The FINANCIAL — Organizations are wasting billions of dollars each year on customer loyalty programs that don’t work like they used to, according to new research from Accenture Strategy.
With millions of loyalty points sitting dormant and the majority of U.S. consumers (78 percent) retracting loyalty at profit-crushing rates, organizations must pay attention to the new factors driving customer loyalty in the digital age or risk losing customers for good.
The Accenture Strategy report, ‘Seeing beyond the loyalty illusion: it’s time you invest more wisely’, gauges the experiences and attitudes of 25,426 consumers around the world, including 2,532 U.S. consumers, about their loyalty relationship with brands and organizations today. The report found that 54 percent of U.S. consumers have switched provider in the past year, and almost one fifth (18 percent) confirm their expectations around brand loyalty have completely changed. The report also identified five new factors influencing loyalty today.
“New ‘languages of loyalty’ have emerged, driven by brands experimenting with creative digital experiences, which have changed the dynamics of customer loyalty today,” said Robert Wollan, senior managing director, global lead of Advanced Customer Strategy at Accenture Strategy. “Every consumer has a natural instinct around what makes them ‘stick’ to a brand. The traditional ‘low price’ and ‘reliable service’ mechanics are no longer as effective at driving loyalty. With 66 percent of U.S. consumers spending more with the brands they love, organizations that stick to traditional approaches and don’t explore the new drivers influencing loyalty risk draining profitability and pushing customers away – even when they have the best intentions or are following their historical playbook. It’s time for organizations to take a fresh look at loyalty.”
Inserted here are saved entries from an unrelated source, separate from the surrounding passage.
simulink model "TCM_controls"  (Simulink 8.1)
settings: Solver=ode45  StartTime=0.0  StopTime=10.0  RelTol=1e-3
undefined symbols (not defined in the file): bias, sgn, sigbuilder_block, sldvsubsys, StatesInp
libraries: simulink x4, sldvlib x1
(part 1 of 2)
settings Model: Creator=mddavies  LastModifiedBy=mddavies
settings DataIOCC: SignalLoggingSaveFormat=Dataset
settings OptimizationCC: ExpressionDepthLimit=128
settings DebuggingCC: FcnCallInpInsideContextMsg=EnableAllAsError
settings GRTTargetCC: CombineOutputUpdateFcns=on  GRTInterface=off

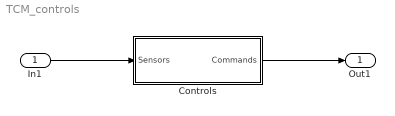
== system TCM_controls ==
  In1 : Inport
  Controls : Subsystem  RequirementInfo={} %GIDa_bfda8087_8264_4058_aa1c_dac31995074c
  Out1 : Outport
  wires:
  Controls/1(Commands) -> Out1/1
  In1/1 -> Controls/1(Sensors)

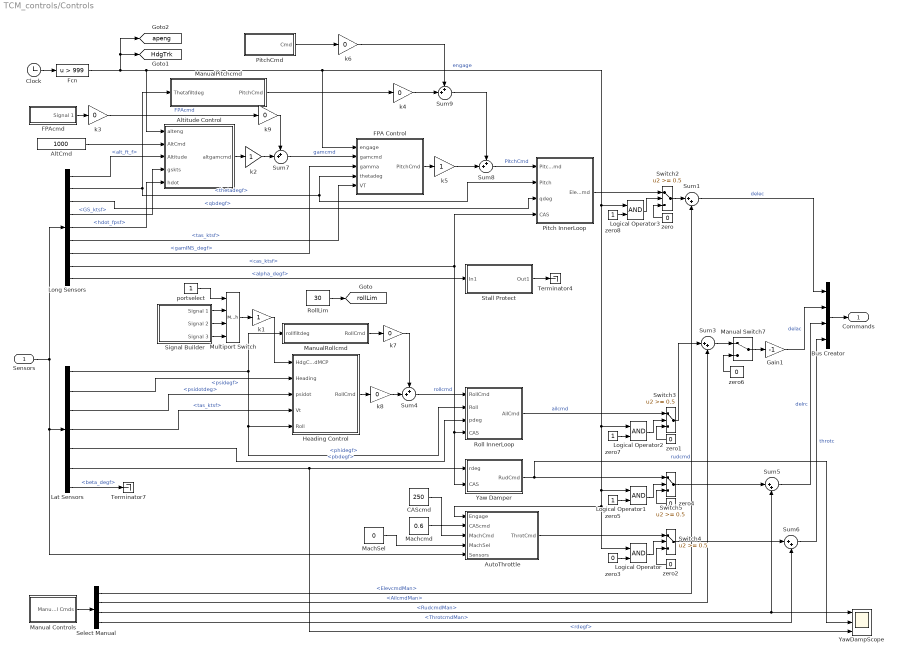
== system TCM_controls/Controls ==
  Sensors : Inport  RequirementInfo={} %GIDa_70f77869_2cec_4ef4_8031_6b1ced368b4e
  AltCmd : Constant  RequirementInfo={} %GIDa_dec5e6b5_3f45_4fcc_9d07_233f77b9af99  Value=1000
  Altitude Control : Subsystem  RequirementInfo={'other' '..\..\tcm_requirements.docx' '@Simulink_requirement_item_14' 'true' 'Altitude Control' '' } %GIDa_c6f0573f_5709_411f_9273_5bd8edb6dccb
  AutoThrottle : Subsystem  RequirementInfo={'other' '..\..\tcm_requirements.docx' '@Simulink_requirement_item_20' 'true' 'Auto Throttle' '' } %GIDa_acd8b2ec_afb4_4e6d_93a7_fadc15d05afd
  Bus Creator : BusCreator  RequirementInfo={} %GIDa_98b05b2e_4f50_4eac_8142_7ba35f876d49
  CAScmd : Constant  RequirementInfo={} %GIDa_a292a332_f5c6_4f14_a0b0_05556e3e387a  Value=250
  Clock : Clock
      settings: RequirementInfo={} %GIDa_53558b21_c326_4915_aa80_3e38ab183ff3
  FPA Control : Subsystem  RequirementInfo={'other' '..\..\tcm_requirements.docx' '@Simulink_requirement_item_15' 'true' 'FPA Control' '' } %GIDa_dac5565b_9328_42f5_a37f_49e511e4f966
  FPAcmd : Subsystem  Tag=STV Subsys  RequirementInfo={} %GIDa_1bafd98b_d710_4002_989e_dd755c1a6c5b  LoadFcn=sigbuilder_block('load');  StartFcn=sigbuilder_block('start');  StopFcn=sigbuilder_block('stop');  ClipboardFcn=sigbuilder_block('clipboard');  mask(Sigbuilder block){}
      mask help: Sigbuilder GUI
      mask init:
      | if ~strcmp(get_param(bdroot(gcbh),'SimulationStatus'),'stopped') tuvar = sigbuilder_block('maskInit'); end
      settings: CopyFcn=sigbuilder_block('copy');  DeleteFcn=sigbuilder_block('delete');  ModelCloseFcn=sigbuilder_block('modelClose');  PreSaveFcn=sigbuilder_block('preSave');  PauseFcn=sigbuilder_block('pause')  ContinueFcn=sigbuilder_block('continue')  NameChangeFcn=sigbuilder_block('namechange');  OpenFcn=sigbuilder_block('open',[437.6 199.2 550.4 400 ]);  CloseFcn=sigbuilder_block('close');
      mask Display: plot(0,0,100,100,[10,10,40,40,10],[80,20,20,80,80],[40,10],[50,50], [40,27,10],[65,72,56],[40,25,25,10],[28,28,43,43]);
  Fcn : Fcn  RequirementInfo={} %GIDa_18158dea_7053_4aed_9677_b2431daf36da  Expr=u > 999
  Gain1 : Gain  RequirementInfo={} %GIDa_de67ea91_cef0_4311_be02_dc516f1dcbf6  Gain=-1  SaturateOnIntegerOverflow=on  OutDataTypeStr=Inherit: Same as input  ParamDataTypeStr=Inherit: Same as input
  Heading Control : Subsystem  RequirementInfo={'other' '..\..\tcm_requirements.docx' '@Simulink_requirement_item_16' 'true' 'Heading Control' '' } %GIDa_4d0d22af_8d69_4b73_8cc8_bf810aba30d0
  Lat Sensors : BusSelector  RequirementInfo={} %GIDa_bff82875_4bac_4e5e_ab39_128c86e45cef  OutputSignals=phidegf,psidegf,EulerRates.psidotdeg,tas_ktsf,pbdegf,rdegf,beta_degf
  Logical Operator : Logic  RequirementInfo={} %GIDa_c9271ae6_5d7e_4e57_a9b4_c4e93f533c75  AllPortsSameDT=off  OutDataTypeStr=boolean
  Logical Operator1 : Logic  RequirementInfo={} %GIDa_bf47c128_6073_4620_9be0_bb5310186e50  AllPortsSameDT=off  OutDataTypeStr=boolean
  Logical Operator2 : Logic  RequirementInfo={} %GIDa_16878af7_9208_4803_a632_79b1d2b562ea  AllPortsSameDT=off  OutDataTypeStr=boolean
  Logical Operator3 : Logic  RequirementInfo={} %GIDa_ac9639de_92a9_41be_9497_96302f0b2ccb  AllPortsSameDT=off  OutDataTypeStr=boolean
  Long Sensors : BusSelector  RequirementInfo={} %GIDa_05f26765_1655_42bc_bb4b_9210360e7e03  OutputSignals=alt_ft_f,thetadegf,qbdegf,GS_ktsf,hdot_fpsf,tas_ktsf,gamINS_degf,cas_ktsf,alpha_degf
  MachSel : Constant  RequirementInfo={} %GIDa_406d0f5f_5220_4552_95b2_2b4717a09293  Value=0
  Machcmd : Constant  RequirementInfo={} %GIDa_bb2c15e6_ad11_44f7_ab52_0e2f70039c12  Value=0.6
  Manual Controls : Subsystem  RequirementInfo={} %GIDa_f3a5a448_da82_4163_b7bb_5bb62cb3bee1
  Manual Switch7 : ManualSwitch  RequirementInfo={} %GIDa_238d4b35_b042_4032_9af2_039cd16e9328
  ManualPitchcmd : Subsystem  RequirementInfo={} %GIDa_6f844cf0_ae74_4e05_a5ad_b4b8e37a6781
  ManualRollcmd : Subsystem  RequirementInfo={} %GIDa_c6f4980f_561d_4e8c_856f_74806f1ad0aa
  Multiport Switch : MultiPortSwitch  RequirementInfo={} %GIDa_7f9fa05b_ab44_4b7a_9c8e_e05a1b0a73ae
  Pitch InnerLoop : Subsystem  RequirementInfo={'other' '..\..\tcm_requirements.docx' '@Simulink_requirement_item_17' 'true' 'Pitch InnerLoop' '' } %GIDa_4ed92d47_0400_4ecc_8db1_4e64c2e8d840
  PitchCmd : Subsystem  RequirementInfo={} %GIDa_d85db5dc_c2d2_453e_abb8_0bd5f726e4bb
  Roll InnerLoop : Subsystem  RequirementInfo={'other' '..\..\tcm_requirements.docx' '@Simulink_requirement_item_18' 'true' 'Roll InnerLoop' '' } %GIDa_823e046a_cfe1_4d55_9112_ea4cd7fe46ad
  RollLim : Constant  RequirementInfo={} %GIDa_230728ed_bde8_446c_b764_b18561e20cc4  Value=30
  Select Manual : BusSelector  RequirementInfo={} %GIDa_92fe7b47_3580_4d0c_9647_4bc53b6f9b8a  OutputSignals=ElevcmdMan,AilcmdMan,RudcmdMan,ThrotcmdMan
  Signal Builder : Subsystem  Tag=STV Subsys  RequirementInfo={} %GIDa_de104f81_7e09_48dc_b266_08630f3c268d  LoadFcn=sigbuilder_block('load');  StartFcn=sigbuilder_block('start');  StopFcn=sigbuilder_block('stop');  ClipboardFcn=sigbuilder_block('clipboard');  mask(Sigbuilder block){}
      mask help: Sigbuilder GUI
      mask init:
      | if ~strcmp(get_param(bdroot(gcbh),'SimulationStatus'),'stopped') tuvar = sigbuilder_block('maskInit'); end
      settings: CopyFcn=sigbuilder_block('copy');  DeleteFcn=sigbuilder_block('delete');  ModelCloseFcn=sigbuilder_block('modelClose');  PreSaveFcn=sigbuilder_block('preSave');  PauseFcn=sigbuilder_block('pause')  ContinueFcn=sigbuilder_block('continue')  NameChangeFcn=sigbuilder_block('namechange');  OpenFcn=sigbuilder_block('open',[436.656 200.842 549.567 399.685 ]);  CloseFcn=sigbuilder_block('close');
      mask Display: plot(0,0,100,100,[10,10,40,40,10],[80,20,20,80,80],[40,10],[50,50], [40,27,10],[65,72,56],[40,25,25,10],[28,28,43,43]);
  Stall Protect : Subsystem  RequirementInfo={} %GIDa_81308623_113c_47aa_8ecf_809416eeaa1d
  Sum1 : Sum  RequirementInfo={} %GIDa_93388a83_d69c_4626_a784_0212b19640c2  Inputs=|++
  Sum3 : Sum  RequirementInfo={} %GIDa_5b146ea8_0844_4ecc_b2ed_46e902b595f5  Inputs=|++
  Sum4 : Sum  RequirementInfo={} %GIDa_f08d028e_f47a_4873_80ef_83f18a12d8bd  Inputs=++|
  Sum5 : Sum  RequirementInfo={} %GIDa_31e1df87_937a_4eae_9557_7a21f34925e9  Inputs=|++
  Sum6 : Sum  RequirementInfo={} %GIDa_d2e78c48_42e1_4808_ae96_99a07762e7f0  Inputs=|++
  Sum7 : Sum  RequirementInfo={} %GIDa_e99670bf_988f_4456_ae22_5591ba30988f  Inputs=++|
  Sum8 : Sum  RequirementInfo={} %GIDa_3a0866c5_ad06_43cb_b2cc_1f5b5b613d25  Inputs=++|
  Sum9 : Sum  RequirementInfo={} %GIDa_154a2fe3_c154_42b0_99bf_ba40407caa09  Inputs=++|
  Switch2 : Switch  RequirementInfo={} %GIDa_d498c400_8384_4eff_abe5_abc2c2cb970a  Threshold=0.5
  Switch3 : Switch  RequirementInfo={} %GIDa_3149d6ff_f1dc_4a93_8707_7aaa0bfbdbc5  Threshold=0.5
  Switch4 : Switch  RequirementInfo={} %GIDa_474c7c0a_d693_431e_8c01_caaa5ad223f0  Threshold=0.5
  Switch5 : Switch  RequirementInfo={} %GIDa_12969d2f_7aeb_457e_8b61_46499c9d1588  Threshold=0.5
  Terminator4 : Terminator
      settings: RequirementInfo={} %GIDa_d981aeba_8485_4cf6_9549_0eb875528307
  Terminator7 : Terminator
      settings: RequirementInfo={} %GIDa_903322f5_1a87_4f88_820f_b96602a5e0f1
  Yaw Damper : Subsystem  RequirementInfo={'other' '..\..\tcm_requirements.docx' '@Simulink_requirement_item_19' 'true' 'Yaw Damper' '' } %GIDa_e03d9e3b_12d1_4127_985c_f09d6aa1a0d4
  YawDampScope : Scope  NumInputPorts=3
      settings: RequirementInfo={} %GIDa_6e94e61d_629b_4b33_92c3_ceaeeee69283  YMin=-5~-5~-5  YMax=5~5~5  SaveName=ScopeData4
  k1 : Gain  RequirementInfo={} %GIDa_b8ae6e56_e541_4fc9_8c33_5b640a1878bf
  k2 : Gain  RequirementInfo={} %GIDa_6764272f_c68a_4a56_bdfa_0b378ddcd164
  k3 : Gain  RequirementInfo={} %GIDa_36ed0483_434a_4689_a994_f7e4d4d3ba8b  Gain=0
  k4 : Gain  RequirementInfo={} %GIDa_b90d9015_94ab_49f8_a57e_54f0da0033c5  Gain=0
  k5 : Gain  RequirementInfo={} %GIDa_6d0bd2a3_b291_46d0_acba_fbe7503f71f4
  k6 : Gain  RequirementInfo={} %GIDa_6ec47e81_80e4_46c7_bb08_7322656805f5  Gain=0
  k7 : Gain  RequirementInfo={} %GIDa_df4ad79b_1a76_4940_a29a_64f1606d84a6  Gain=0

The new languages of loyalty
Accenture Strategy has identified five languages of loyalty which are driving customer relationships in the digital age, particularly among U.S. millennials:
‘Tokens of affection’ – Fifty-nine percent of U.S. consumers feel loyal to brands that present them with small tokens of affection, such as personalized discounts, gift cards and special offers to reward their loyalty.
‘Get to know me’ – Forty-one percent of U.S. consumers are loyal to brands that offer them the opportunity to personalize products to create something that is bespoke to them. Fifty-one percent are loyal to brands that interact with them through their preferred channels of communication. Eighty-one percent feel loyal to brands that are there when they need them, but otherwise respect their time and leave them alone. Furthermore, 85 percent are loyal to brands that safeguard and protect the privacy of their personal information.
‘Thrill seeker’ – Forty-four percent of U.S. consumers are loyal to brands that actively engage them to help design or co-create products or services. Forty-one percent are loyal to organizations that present them with new experiences, products or services. Furthermore, 33 percent are loyal to brands that engage them in ‘multi-sensory’ experiences, using new technologies such as virtual reality or augmented reality.
‘If you like it, I like it’ – Twenty-three percent of U.S. consumers are loyal to brands that partner with celebrities, and another 23 percent feel loyal to organizations that partner with social influencers, such as bloggers and vloggers. Forty-two percent are loyal to brands that their family and friends do business with. Furthermore, 37 percent show loyalty to brands that actively support shared causes, such as charities or public campaigns.
‘Hook me up’ – Thirty-nine percent of U.S. consumers feel loyal to brands that connect them with other providers, giving them the ability to exchange loyalty points or rewards. Likewise, 51 percent are loyal to brands that keep them on the cutting edge by consistently offering the latest products and services.
“Organizations need to understand the loyalty languages of their most profitable customers and implement the optimal mix to ensure they’re delivering the experiences that drive advocacy, retention and growth,” said Kevin Quiring, managing director, Advanced Customer Strategy, Accenture Strategy. “An appetite for extra-ordinary, multi-sensory experiences, hyper-personalization and co-creation, are changing consumer dynamics around loyalty and forcing brands and organizations to shift their approaches and programs.”
Additional U.S. consumer findings from the report include:
Fight for loyalty:
Sixteen percent of U.S. consumers currently have a negative or non-existent reaction when brands try to earn their loyalty.
Over a quarter (26 percent) think brands should do everything possible to earn their loyalty.
How consumers express loyalty:
Fifty-five percent of U.S. consumers express loyalty by recommending the brands and companies they love to family and friends.
Forty-three percent increase the level of business they do with the brands and companies they love.